**ABOUT THIS EXERCISE**
An exact reproduction is required of the lines from the beginning of the entries through the line with "line L2 (8, -48) -> (8, -36.5)", pictures excluded and nothing added.
━━━━━ DATASET EXTRACT
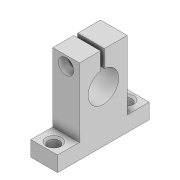
# Autodesk Inventor part: SK16
Saved by Autodesk Inventor 2020 (Build 240168000, 168)
## iProperties
Created: 2021-10-09
Part Number: SK16
Material: Generic
Document SubType Name: Modeling
Designer: Henry Cawley
Density: 1 g/cm^3
Appearance: Default
Author: Henry Cawley
Autodesk Inventor part; units mm, degrees
ref_plane "YZ Plane" through (0, 0, 0) normal (1, 0, 0) x (0, 1, 0)
ref_plane "XZ Plane" through (0, 0, 0) normal (0, 1, 0) x (-1, 0, 0)
ref_plane "XY Plane" through (0, 0, 0) normal (0, 0, 1) x (1, 0, 0)
sketch "Sketch1" plane through (0, 0, 0) normal (1, 0, 0) x (0, 1, 0)
  line L0 (0, 0) -> (0, -48)
  line L1 (0, -48) -> (8, -48)
  line L2 (8, -48) -> (8, -36.5)
  line L3 (8, -36.5) -> (44, -36.5)
  line L4 (44, -36.5) -> (44, -11.5)
  line L5 (44, -11.5) -> (8, -11.5)
  line L6 (8, -11.5) -> (8, 0)
  line L7 (8, 0) -> (0, 0)
  circle A0 centre (27, -24) radius 8
  dimension "d0" = 8
  dimension "d1" = 48
  dimension "d2" = 11.5
  dimension "d3" = 11.5
  dimension "d4" = 44
  dimension "d5" = 16
  dimension "d6" = 17
  dimension "d7" = 12.5
  constraints: 16 end point, 6 perpendicular, 2 point on line, 1 centre point, 1 vertical
  measures "d0" distance of L6.end L0.start
  measures "d1" distance of L0.start L0.end
  measures "d2" distance of L5.end L6.end
  measures "d3" distance of L1.end L2.end
  measures "d4" distance between parallel lines of L0 L4
  measures "d5" diameter of A0
  measures "d6" distance from line of L4 A0.centre
  measures "d7" distance from line of L5 A0.centre
extrude "Extrusion1" add sketch "Sketch1" along normal blind 14
sketch "Sketch2" plane through (14, 0, 0) normal (1, 0, 0) x (0, 0, -1)
  line L0 (36.5, 44) -> (11.5, 44) projected
  line L1 (22.5, 44) -> (24.5, 44)
  line L2 (24.5, 44) -> (24.5, 26.6332)
  line L3 (24.5, 26.6332) -> (22.5, 26.6332)
  line L4 (22.5, 26.6332) -> (22.5, 44)
  line L5 (11.5, 44) -> (11.5, 8) projected
  point P0 (0, 0)
  dimension "d10" = 2
  dimension "d12" = 11
  constraints: 8 end point, 2 parallel, 1 horizontal, 1 perpendicular, 1 point on line
  measures "d10" distance of L2.end L3.end
  measures "d12" distance between parallel lines of L5 L4
extrude "Extrusion2" cut sketch "Sketch2" against normal blind 33.25
sketch "Sketch3" plane through (0, 8, -11.5) normal (0, 0, 1) x (1, 0, 0)
  circle A0 centre (7, 31) radius 2
  line L0 (0, 36) -> (14, 36) projected
  line L1 (0, 36) -> (0, 0) projected
  point P0 (0, -8)
  dimension "d15" = 5
  dimension "d16" = 7
  dimension "d17" = 4
  constraints: 1 centre point
  measures "d15" distance from line of L0 A0.centre
  measures "d16" distance from line of L1 A0.centre
  measures "d17" diameter of A0
extrude "Extrusion3" cut sketch "Sketch3" against normal blind 33.25
sketch "Sketch4" plane through (0, 8, 0) normal (0, 1, 0) x (1, 0, 0)
  circle A0 centre (7, 5) radius 3
  circle A1 centre (7, 43) radius 3
  line L0 (14, 11.5) -> (14, 0) projected
  line L1 (14, 48) -> (14, 36.5) projected
  line L2 (0, 0) -> (14, 0) projected
  line L3 (0, 48) -> (14, 48) projected
  dimension "d20" = 6
  dimension "d21" = 7
  dimension "d22" = 7
  dimension "d23" = 5
  dimension "d24" = 5
  constraints: 2 centre point, 1 equal radius
  measures "d20" diameter of A0
  measures "d21" distance from line of L0 A0.centre
  measures "d22" distance from line of L1 A1.centre
  measures "d23" distance from line of L2 A0.centre
  measures "d24" distance from line of L3 A1.centre
extrude "Extrusion4" cut sketch "Sketch4" against normal blind 33.25
chamfer "Chamfer1" distance 1 angle 45 2 edges at (4, 8, -5) (4, 8, -43)
sketch "Sketch5" plane through (0, 8, -11.5) normal (0, 0, 1) x (1, 0, 0)
  circle A0 centre (7, 31) radius 2 projected
  circle A1 centre (7, 31) radius 4
  point P0 (0, -8)
  dimension "d30" = 8
  constraints: 1 centre point, 1 coincident
  measures "d30" diameter of A1
extrude "Extrusion5" cut sketch "Sketch5" against normal blind 5
thread "Thread1" size "M4x0.7" class "6H" standard "ANSI Metric M Profile" length 10
body "Solid1"
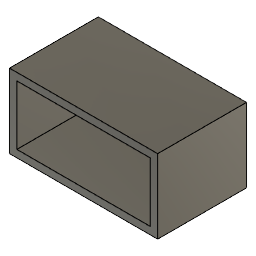
sterilization-chamber-mini (Autodesk Fusion 360 design; units mm, degrees)
part number: 2026-06-24-19-06-51-081
Autodesk Fusion 360 part; units mm, degrees
sketch "スケッチ1" plane through (0, 0, 0) normal (0, 0, 1) x (1, 0, 0)
  line L0 (0, 0) -> (-200, 0)
  line L1 (-200, 0) -> (-200, 120)
  line L2 (-200, 120) -> (0, 120)
  line L3 (0, 120) -> (0, 0)
  dimension "d1" = 200
  dimension "d2" = 120
  constraint horizontal L0
  constraint vertical L1
  constraint horizontal L2
  constraint vertical L3
  constraint coincident L0.start L3.end
  measures "d1" distance of L0.start L0.end
  measures "d2" distance of L0.start L2.end
extrude "押し出し1" add sketch "スケッチ1" along normal blind 10
sketch "スケッチ2" plane through (0, 0, 10) normal (0, 0, 1) x (-1, 0, 0)
  line L0 (0, -120) -> (200, -120)
  line L1 (200, -120) -> (200, 0)
  line L2 (200, 0) -> (0, 0)
  line L3 (0, 0) -> (0, -120)
  line L4 (190, 0) -> (190, -110)
  line L5 (190, -110) -> (10, -110)
  line L6 (10, -110) -> (10, 0)
  constraint coincident L2 L4.start
  constraint perpendicular L2 L4
  constraint perpendicular L4 L5
  constraint coincident L2 L6.end
  constraint perpendicular L2 L6
extrude "押し出し2" add sketch "スケッチ2" along normal blind 90 contours L0 L1 L2 L3 L4 L5 L6
sketch "スケッチ3" plane through (0, 110, 0) normal (0, -1, 0) x (1, 0, 0)
  line L0 (-190, 10) -> (-10, 10)
  line L1 (-10, 10) -> (-10, 100)
  line L2 (-10, 100) -> (-190, 100)
  line L3 (-190, 100) -> (-190, 10)
  line L4 (-190, 90) -> (-10, 90)
  line L5 (-10, 90) -> (-10, 100)
  line L6 (-10, 100) -> (-190, 100)
  line L7 (-190, 100) -> (-190, 90)
  constraint horizontal L4
  constraint vertical L5
  constraint horizontal L6
  constraint vertical L7
  constraint coincident L1.end L2.start
  constraint coincident L3 L4.start
extrude "押し出し3" add sketch "スケッチ3" along normal blind 110 contours L1 L2 L3 L4 L5 L6 L7
━━━━━━━━━━
**SOLUTION TO THIS PROBLEM**
# Autodesk Inventor part: SK16
Saved by Autodesk Inventor 2020 (Build 240168000, 168)
## iProperties
Created: 2021-10-09
Part Number: SK16
Material: Generic
Document SubType Name: Modeling
Designer: Henry Cawley
Density: 1 g/cm^3
Appearance: Default
Author: Henry Cawley
Autodesk Inventor part; units mm, degrees
ref_plane "YZ Plane" through (0, 0, 0) normal (1, 0, 0) x (0, 1, 0)
ref_plane "XZ Plane" through (0, 0, 0) normal (0, 1, 0) x (-1, 0, 0)
ref_plane "XY Plane" through (0, 0, 0) normal (0, 0, 1) x (1, 0, 0)
sketch "Sketch1" plane through (0, 0, 0) normal (1, 0, 0) x (0, 1, 0)
  line L0 (0, 0) -> (0, -48)
  line L1 (0, -48) -> (8, -48)
  line L2 (8, -48) -> (8, -36.5)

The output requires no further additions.